Work request: Although the records include pictures, the copy should not; write out exactly the lines from the first through the line with "line L0 (0, 5) -> (0, -5) construction".

Records shown:
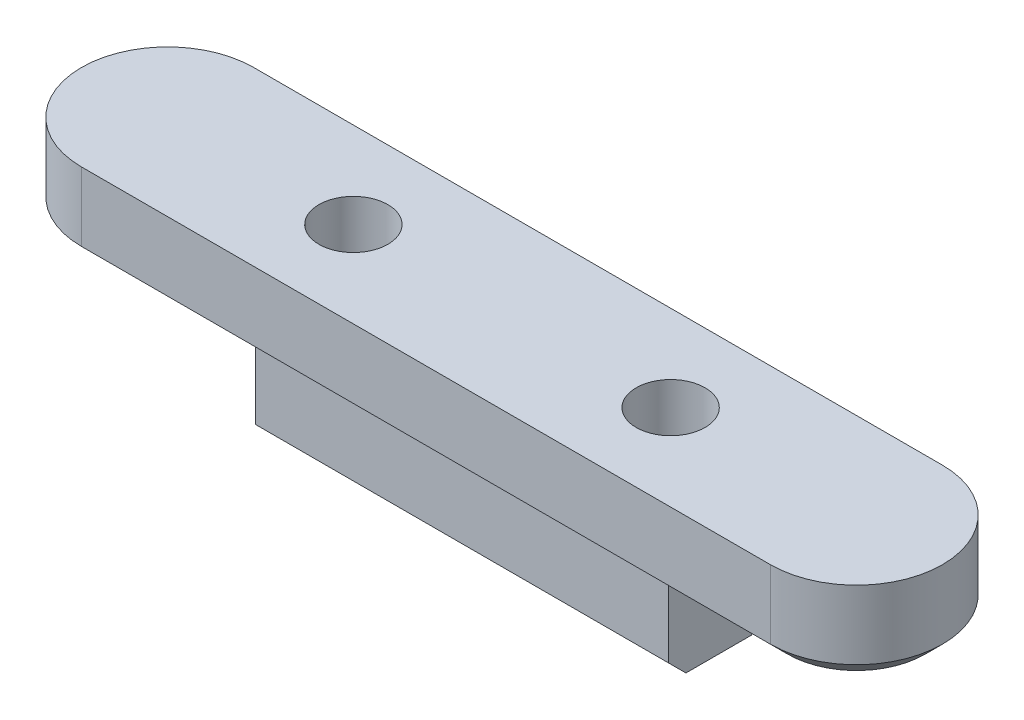
SolidWorks part; units mm, degrees
material "ABS"
ref_plane "Front Plane" through (0, 0, 0) normal (0, 0, 1) x (1, 0, 0)
ref_plane "Top Plane" through (0, 0, 0) normal (0, 1, 0) x (1, 0, 0)
ref_plane "Right Plane" through (0, 0, 0) normal (1, 0, 0) x (0, 0, -1)
sketch "Sketch1" plane through (0, 0, 0) normal (0, 1, 0) x (1, 0, 0)
  line L0 (0, 5) -> (-20, 5)
  line L2 (-20, -5) -> (0, -5)
  line L3 (0, 5) -> (0, -5)
  arc A2 (-20, -5) -> (-20, 5) centre (-20, 0) cw
  point P0 (0, 0)
  dimension "D1" = 5
  dimension "D2" = 20
extrude "Boss-Extrude1" add sketch "Sketch1" along normal blind 5
ref_axis "Axis1" through (-20, -4.1101, 0) along (0, 1, 0)
sketch "Sketch2" plane through (0, 0, 0) normal (0, 0, 1) x (1, 0, 0)
  line L0 (-20, -4.1101) -> (-20, 8.7798) construction
  line L1 (-20, 0) -> (-25, 0) construction
  line L2 (-20, 1) -> (-20, 0)
  line L3 (-20, 0) -> (-23.3166, 0)
  arc A0 (-20, 1) -> (-23.3166, 0) centre (-20, -5) ccw
  dimension "D1" = 6
  dimension "D2" = 1
revolve "Cut-Revolve1" cut sketch "Sketch2" angle 360 about axis through (-20, -4.1101, 0) along (0, 1, 0)
sketch "Sketch3" plane through (0, 0, 0) normal (0, -1, 0) x (1, 0, 0)
  line L0 (0, 5) -> (0, -5) construction
  line L1 (0, 2.9) -> (-12, 2.9)
  line L2 (0, 2.9) -> (0, -2.9)
  line L3 (0, -2.9) -> (-12, -2.9)
  line L4 (-12, 2.9) -> (-12, -2.9)
  line L5 (-20, 5) -> (0, 5) construction
  point P8 (0, 0)
  dimension "D1" = 2.1
  dimension "D2" = 12
extrude "Boss-Extrude2" add sketch "Sketch3" along normal blind 6
sketch "Sketch6" [suppressed] plane through (0, 0, 0) normal (0, -1, 0) x (1, 0, 0)
  line L1 (0, 5) -> (-12, 5)
  line L2 (0, 5) -> (0, 3)
  line L3 (0, 3) -> (-12, 3)
  line L4 (-12, 5) -> (-12, 3)
  dimension "D1" = 2
  dimension "D2" = 12
extrude "Boss-Extrude3" [suppressed] add sketch "Sketch6" along normal blind 6
mirror "Mirror2" [suppressed] about plane through (0, 0, 0) normal (0, 0, 1)
sketch "Sketch4" plane through (0, 0, 0) normal (0, 1, 0) x (1, 0, 0)
  circle A0 centre (-9.2106, 0) radius 1.6
  dimension "D1" = 3.2
extrude "Cut-Extrude1" cut sketch "Sketch4" against normal through all both and the other way through all
sketch "Sketch5" plane through (0, 5, 0) normal (0, 1, 0) x (1, 0, 0)
  circle A0 centre (-9.2106, 0) radius 2
  dimension "D1" = 4
extrude "Cut-Extrude2" cut sketch "Sketch5" against normal blind 4
chamfer "Chamfer1" [suppressed] distance 1.6 angle 45
mirror "Mirror1" about plane through (0, 0, 0) normal (1, 0, 0) of bodies 110
chamfer "Chamfer2" distance 1 angle 45 6 edges at (0, 0, -5) (-25, 0, 0) (25, 0, 0) (0, 0, 5) (0, -6, -2.9) (0, -6, 2.9)
chamfer "Chamfer3" [suppressed] distance 1 angle 45
equation "\"3ю2\"=1.60701"

Reply to the task:
SolidWorks part; units mm, degrees
material "ABS"
ref_plane "Front Plane" through (0, 0, 0) normal (0, 0, 1) x (1, 0, 0)
ref_plane "Top Plane" through (0, 0, 0) normal (0, 1, 0) x (1, 0, 0)
ref_plane "Right Plane" through (0, 0, 0) normal (1, 0, 0) x (0, 0, -1)
sketch "Sketch1" plane through (0, 0, 0) normal (0, 1, 0) x (1, 0, 0)
  line L0 (0, 5) -> (-20, 5)
  line L2 (-20, -5) -> (0, -5)
  line L3 (0, 5) -> (0, -5)
  arc A2 (-20, -5) -> (-20, 5) centre (-20, 0) cw
  point P0 (0, 0)
  dimension "D1" = 5
  dimension "D2" = 20
extrude "Boss-Extrude1" add sketch "Sketch1" along normal blind 5
ref_axis "Axis1" through (-20, -4.1101, 0) along (0, 1, 0)
sketch "Sketch2" plane through (0, 0, 0) normal (0, 0, 1) x (1, 0, 0)
  line L0 (-20, -4.1101) -> (-20, 8.7798) construction
  line L1 (-20, 0) -> (-25, 0) construction
  line L2 (-20, 1) -> (-20, 0)
  line L3 (-20, 0) -> (-23.3166, 0)
  arc A0 (-20, 1) -> (-23.3166, 0) centre (-20, -5) ccw
  dimension "D1" = 6
  dimension "D2" = 1
revolve "Cut-Revolve1" cut sketch "Sketch2" angle 360 about axis through (-20, -4.1101, 0) along (0, 1, 0)
sketch "Sketch3" plane through (0, 0, 0) normal (0, -1, 0) x (1, 0, 0)
  line L0 (0, 5) -> (0, -5) construction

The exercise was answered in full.